As the answer, give exactly the lines of the records below from the one with "LED7.A, LED8.A, R9.1" through the one with "S1: PS22F03", ends included and pictures left out.

*** GIVEN INFORMATION Section Begins ***

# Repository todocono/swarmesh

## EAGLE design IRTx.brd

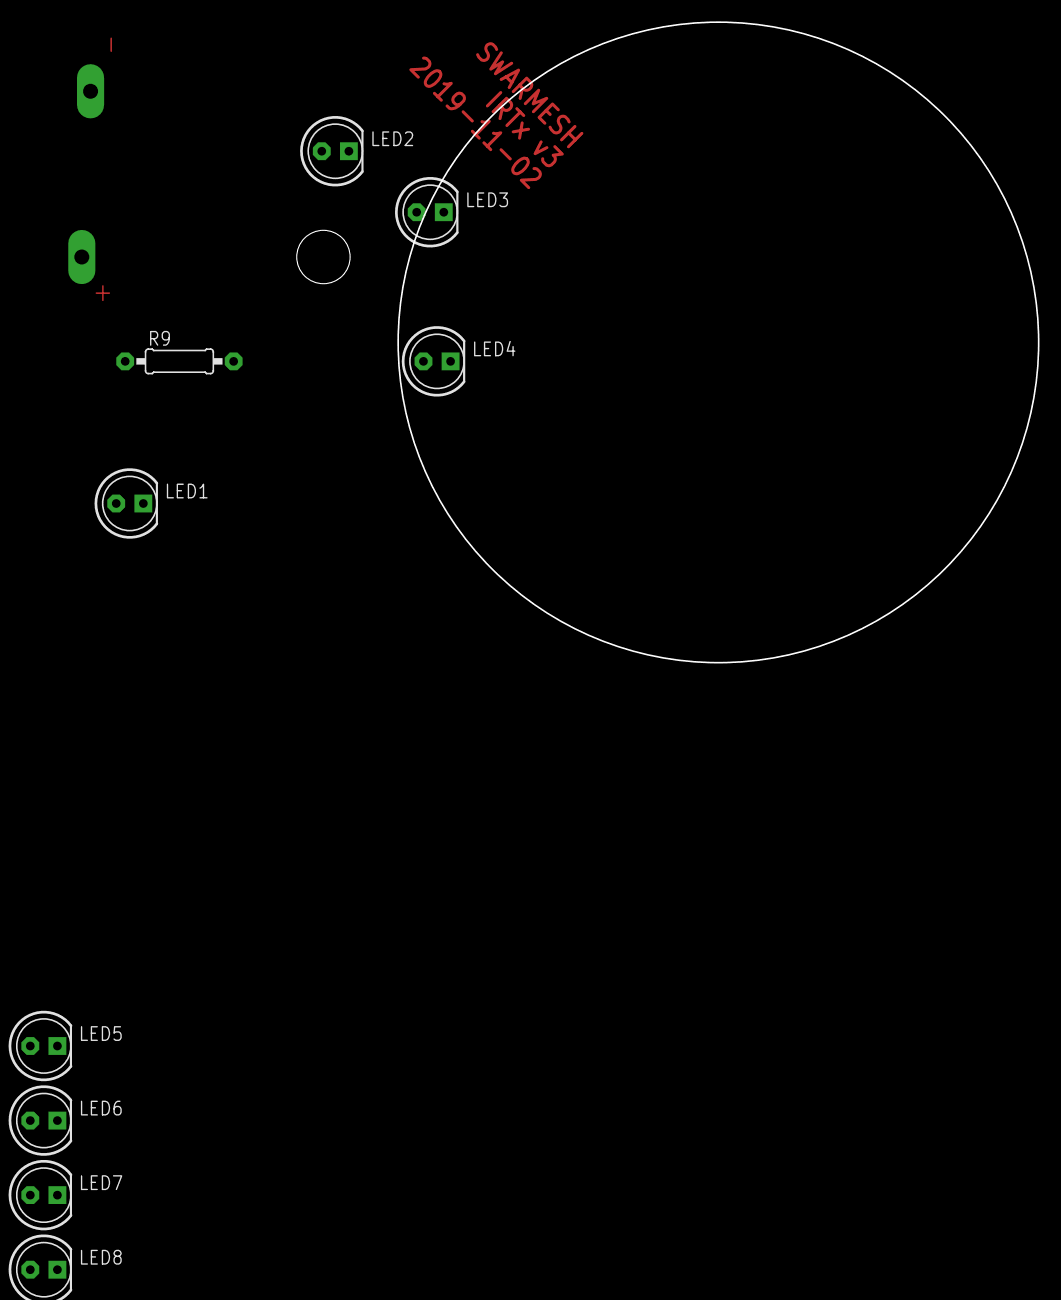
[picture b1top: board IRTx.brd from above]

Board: 2 copper layers, 60.0 x 60.0 mm, 11 parts (0 on the bottom side), 3 nets, no tracks yet.

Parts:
JP1: 3.3; 1X1-BIGPOGO
JP2: GND; 1X1-BIGPOGO
LED1, LED2, LED3, LED4, LED5, LED6, LED7, LED8: LED5MM
R9: 1k; 0207/10

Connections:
GND: JP2.P$1, LED1.K, LED2.K, LED3.K, LED4.K, LED5.K, LED6.K, LED7.K, LED8.K
unnamed: LED1.A, LED2.A, LED3.A, LED4.A, LED5.A, LED6.A, LED7.A, LED8.A, R9.1
VCC: JP1.P$1, R9.2

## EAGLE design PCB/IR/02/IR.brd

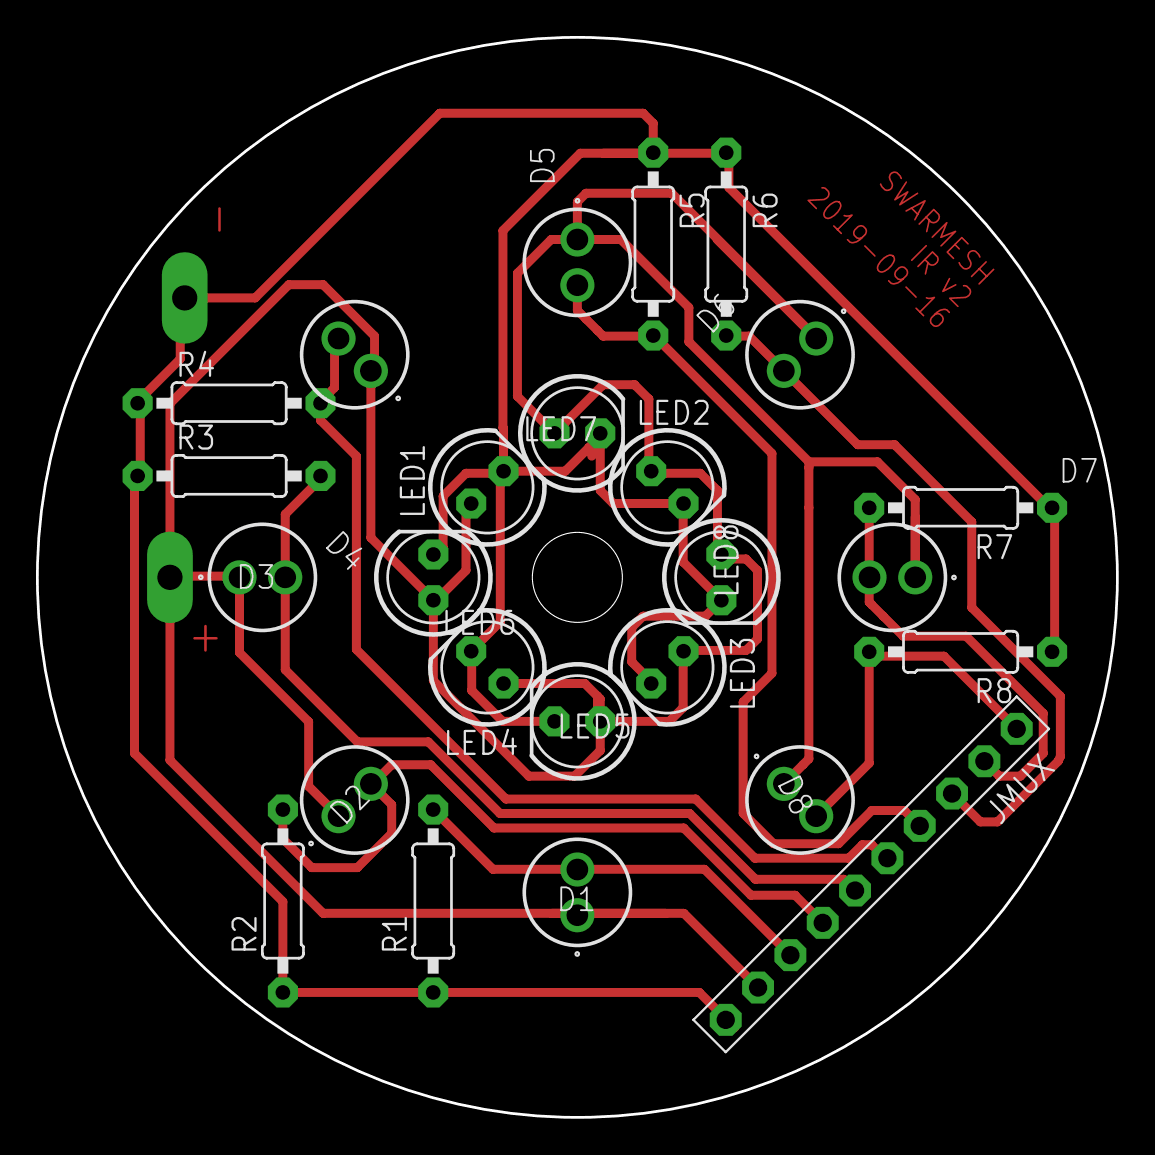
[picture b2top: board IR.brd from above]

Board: 2 copper layers, 60.0 x 60.0 mm, 27 parts (0 on the bottom side), 10 nets.

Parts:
D1, D2, D3, D4, D5, D6, D7, D8: SFH_203_PFA; SFH213_1
JMUX: PINHD-1X10; 1X10-BIG
JP9: GND; 1X1-BIGPOGO
JP10: 3.3; 1X1-BIGPOGO
LED1, LED2, LED3, LED4, LED5, LED6, LED7, LED8: LED5MM
R1, R2, R3, R4, R5, R6, R7, R8: 0207/10

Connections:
GND: JMUX.10, JP9.P$1, LED1.K, LED2.K, LED3.K, LED4.K, LED5.K, LED6.K, LED7.K, LED8.K, R1.1, R2.1, R3.1, R4.1, R5.1, R6.1, R7.1, R8.1
unnamed: D1.2, JMUX.8, R1.2
unnamed: D2.2, JMUX.7, R2.2
unnamed: D3.2, JMUX.6, R3.2
unnamed: D4.2, JMUX.5, R4.2
unnamed: D5.2, JMUX.4, R5.2
unnamed: D6.2, JMUX.3, R6.2
unnamed: D7.2, JMUX.2, R7.2
unnamed: D8.2, JMUX.1, R8.2
VCC: D1.1, D2.1, D3.1, D4.1, D5.1, D6.1, D7.1, D8.1, JMUX.9, JP10.P$1, LED1.A, LED2.A, LED3.A, LED4.A, LED5.A, LED6.A, LED7.A, LED8.A

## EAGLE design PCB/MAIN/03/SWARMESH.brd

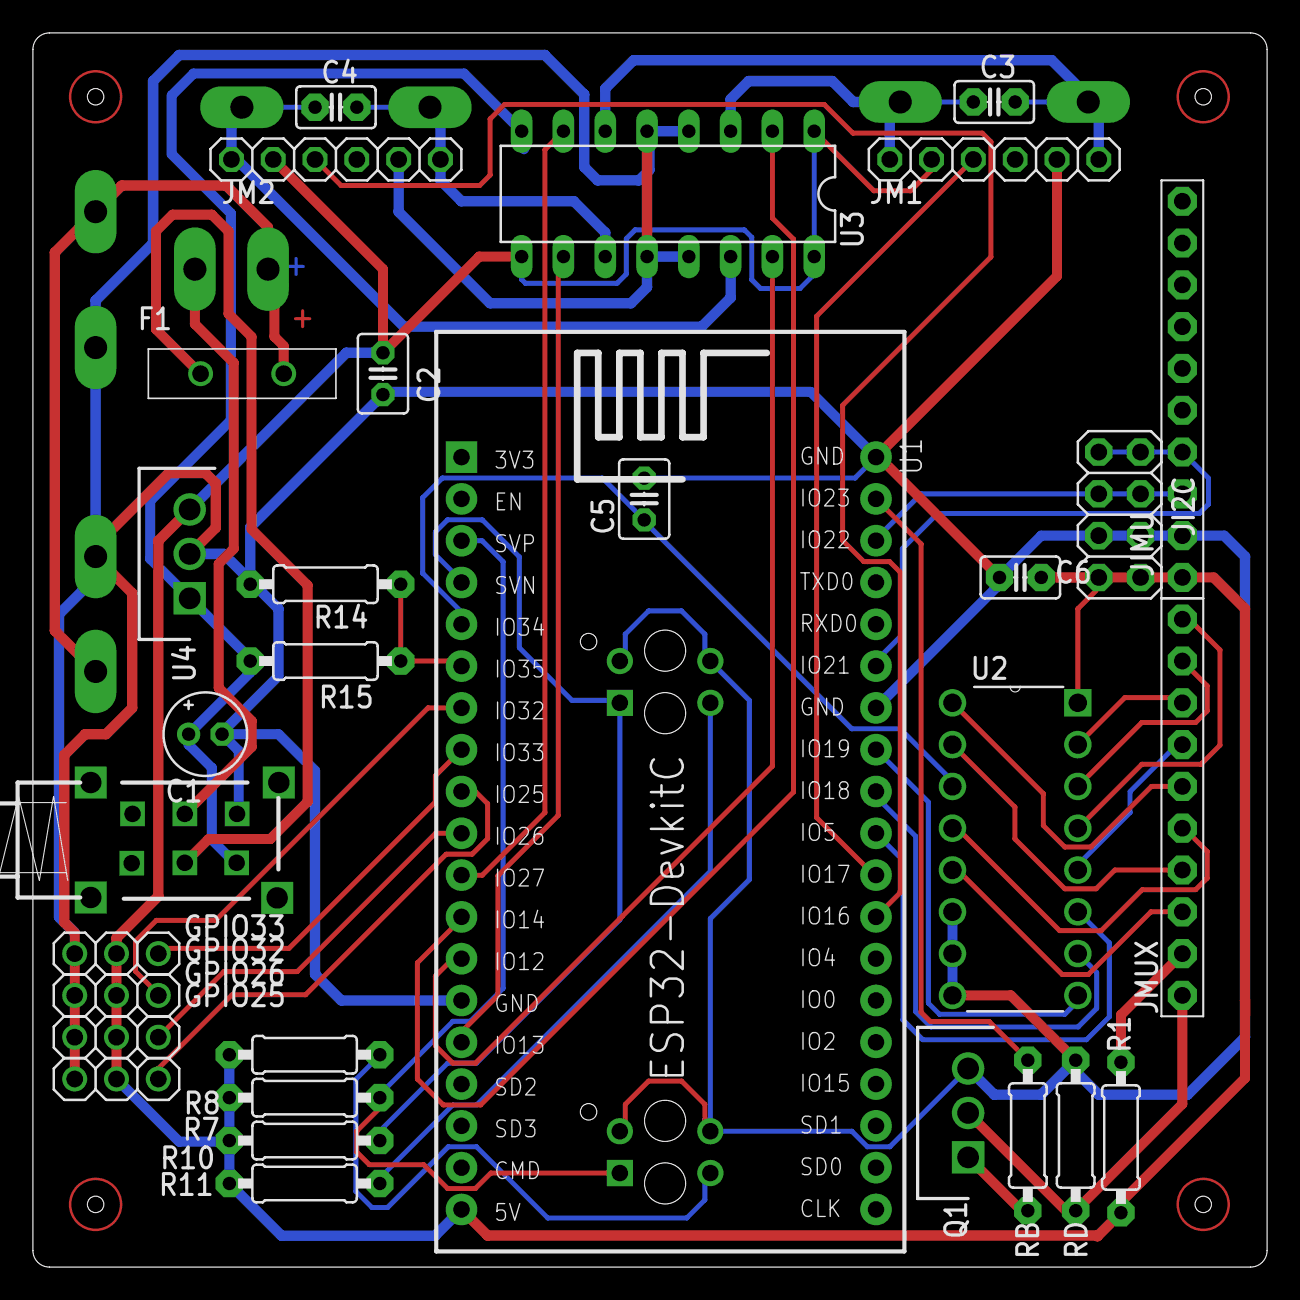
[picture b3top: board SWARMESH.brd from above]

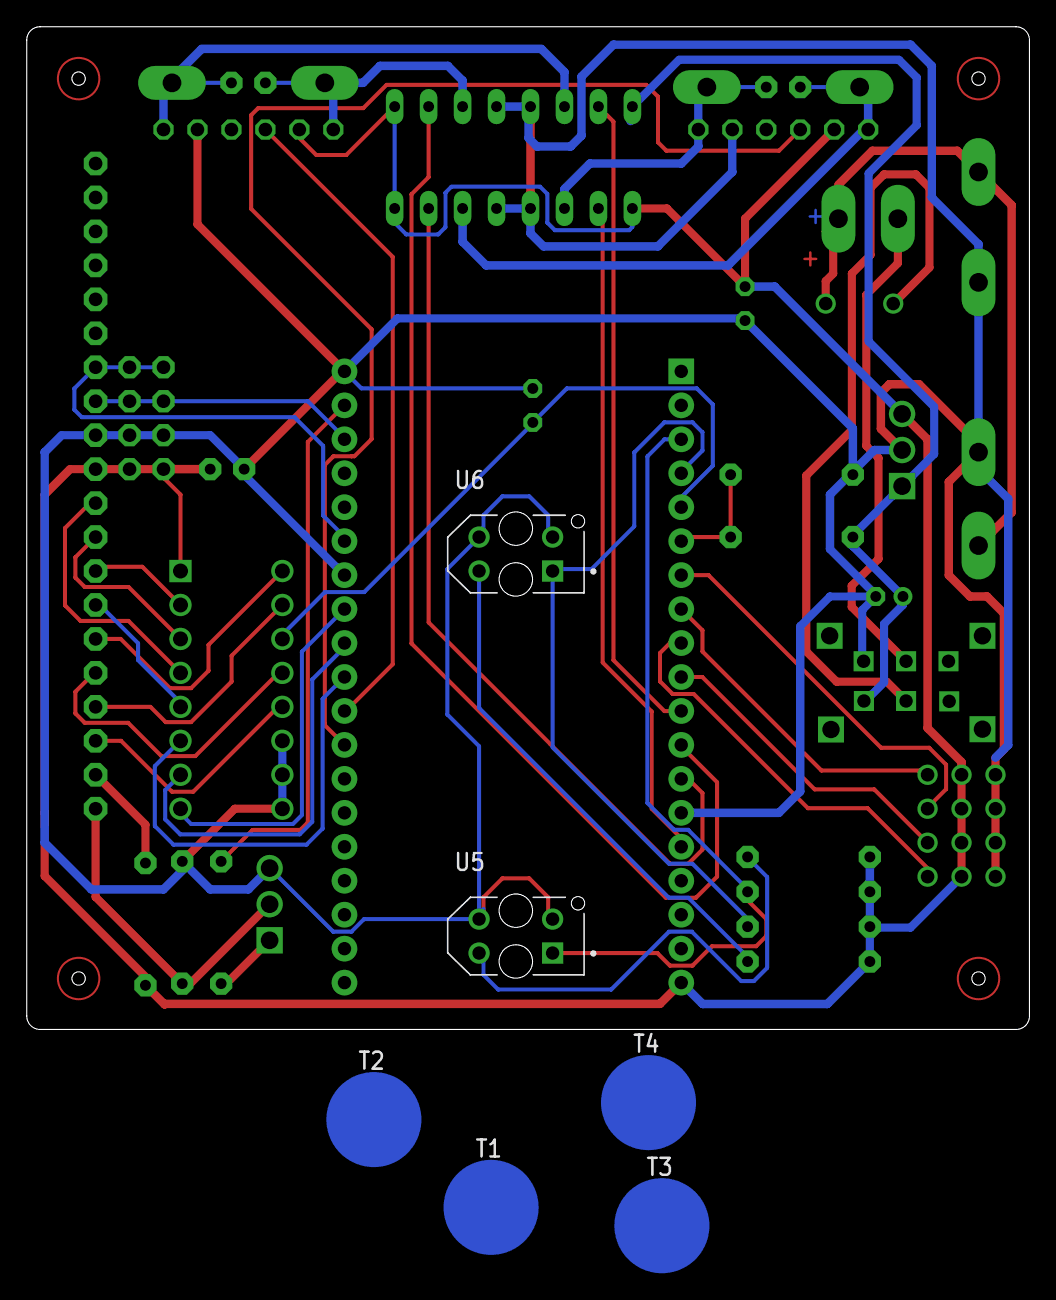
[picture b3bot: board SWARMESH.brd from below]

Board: 2 copper layers, 75.0 x 75.0 mm, 47 parts (7 on the bottom side), 47 nets.

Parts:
BAT+: 1X1-BIGPOGO
BAT-: 1X1-BIGPOGO
C1: 10uF; E2-5
C2, C5: C025-030X050
C3, C4, C6: C025-025X050
CHG1+, CHG1-, CHG2+, CHG2-: 1X1-BIGPOGO
F1: RUEF300K-2; RUEF300K2
GPIO25, GPIO26, GPIO32, GPIO33: 1X03
JI2C: 2X04
JIMU: PINHD-1X10; 1X10-BIG
JM1, JM2: 1X06
JMUX: PINHD-1X10; 1X10-BIG
JP1, JP2, JP3, JP4: 1X1-BIGPOGO
Q1: TIP122; TO270P460X1020X2008-3P
R1: 220; 0207/9
R7, R10: 1k; 0207/9
R8, R11: 100; 0207/9
R14: 10k; 0207/9
R15: 47k; 0207/9
RB: 1k; 0207/9
RD: 0; 0207/9
S1: PS22F03
T1, T2, T3, T4: SPRING-CONNECTOR
U1: ESP32DEVKITC; ESP32-DEVKITC
U2: CD4051BEE4; CD4051BEE4DIP
U3: L293D; DIL16
U4: L7805CV-DG; TO270P460X1020X2008-3P
U5, U6: TCRT5000L; XDCR_TCRT5000L

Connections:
ADCMX: C5.1, U1.5, U2.3
BATLVL: R14.2, R15.1, U1.6
E1A: JM1.3, U1.28
E2A: JM2.3, U1.27
GND: C1.-, C2.2, C5.2, C6.2, CHG1-.P$1, CHG2-.P$1, GPIO25.3, GPIO26.3, GPIO32.3, GPIO33.3, JI2C.3, JI2C.4, JIMU.2, JM1.5, JM2.5, Q1.3, R14.1, RD.2, S1.NO1, U1.14, U1.32, U1.38, U2.6, U2.7, U2.8, U3.4, U3.5, U3.12, U3.13, U4.2, U5.2, U5.3, U6.2, U6.3
IO5: U1.29, U2.11
IO12: U1.13, U3.15
IO13: U1.15, U3.10
IO14: U1.12, U3.2
IO25: GPIO25.1, U1.9
IO26: GPIO26.1, U1.10
IO27: U1.11, U3.7
IO32: GPIO32.1, U1.7
IO33: GPIO33.1, U1.8
IR1: R7.2, U1.3, U5.1
IR2: R10.2, U1.4, U6.1
IRTX: RB.2, U1.37
M1A: C3.1, JM1.1, JP1.P$1, U3.3
M1B: C3.2, JM1.6, JP2.P$1, U3.6
M2A: C4.1, JM2.1, JP4.P$1, U3.14
M2B: C4.2, JM2.6, JP3.P$1, U3.11
unnamed: Q1.1, RB.1
unnamed: F1.2, S1.C2
unnamed: BAT-.P$1, S1.C1
unnamed: JMUX.6, U2.4
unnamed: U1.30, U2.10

*** GIVEN INFORMATION Section Ends ***

ANSWER TO THIS PROBLEM:
unnamed: LED1.A, LED2.A, LED3.A, LED4.A, LED5.A, LED6.A, LED7.A, LED8.A, R9.1
VCC: JP1.P$1, R9.2

## EAGLE design PCB/IR/02/IR.brd

[picture b2top: board IR.brd from above]

Board: 2 copper layers, 60.0 x 60.0 mm, 27 parts (0 on the bottom side), 10 nets.

Parts:
D1, D2, D3, D4, D5, D6, D7, D8: SFH_203_PFA; SFH213_1
JMUX: PINHD-1X10; 1X10-BIG
JP9: GND; 1X1-BIGPOGO
JP10: 3.3; 1X1-BIGPOGO
LED1, LED2, LED3, LED4, LED5, LED6, LED7, LED8: LED5MM
R1, R2, R3, R4, R5, R6, R7, R8: 0207/10

Connections:
GND: JMUX.10, JP9.P$1, LED1.K, LED2.K, LED3.K, LED4.K, LED5.K, LED6.K, LED7.K, LED8.K, R1.1, R2.1, R3.1, R4.1, R5.1, R6.1, R7.1, R8.1
unnamed: D1.2, JMUX.8, R1.2
unnamed: D2.2, JMUX.7, R2.2
unnamed: D3.2, JMUX.6, R3.2
unnamed: D4.2, JMUX.5, R4.2
unnamed: D5.2, JMUX.4, R5.2
unnamed: D6.2, JMUX.3, R6.2
unnamed: D7.2, JMUX.2, R7.2
unnamed: D8.2, JMUX.1, R8.2
VCC: D1.1, D2.1, D3.1, D4.1, D5.1, D6.1, D7.1, D8.1, JMUX.9, JP10.P$1, LED1.A, LED2.A, LED3.A, LED4.A, LED5.A, LED6.A, LED7.A, LED8.A

## EAGLE design PCB/MAIN/03/SWARMESH.brd

[picture b3top: board SWARMESH.brd from above]

[picture b3bot: board SWARMESH.brd from below]

Board: 2 copper layers, 75.0 x 75.0 mm, 47 parts (7 on the bottom side), 47 nets.

Parts:
BAT+: 1X1-BIGPOGO
BAT-: 1X1-BIGPOGO
C1: 10uF; E2-5
C2, C5: C025-030X050
C3, C4, C6: C025-025X050
CHG1+, CHG1-, CHG2+, CHG2-: 1X1-BIGPOGO
F1: RUEF300K-2; RUEF300K2
GPIO25, GPIO26, GPIO32, GPIO33: 1X03
JI2C: 2X04
JIMU: PINHD-1X10; 1X10-BIG
JM1, JM2: 1X06
JMUX: PINHD-1X10; 1X10-BIG
JP1, JP2, JP3, JP4: 1X1-BIGPOGO
Q1: TIP122; TO270P460X1020X2008-3P
R1: 220; 0207/9
R7, R10: 1k; 0207/9
R8, R11: 100; 0207/9
R14: 10k; 0207/9
R15: 47k; 0207/9
RB: 1k; 0207/9
RD: 0; 0207/9
S1: PS22F03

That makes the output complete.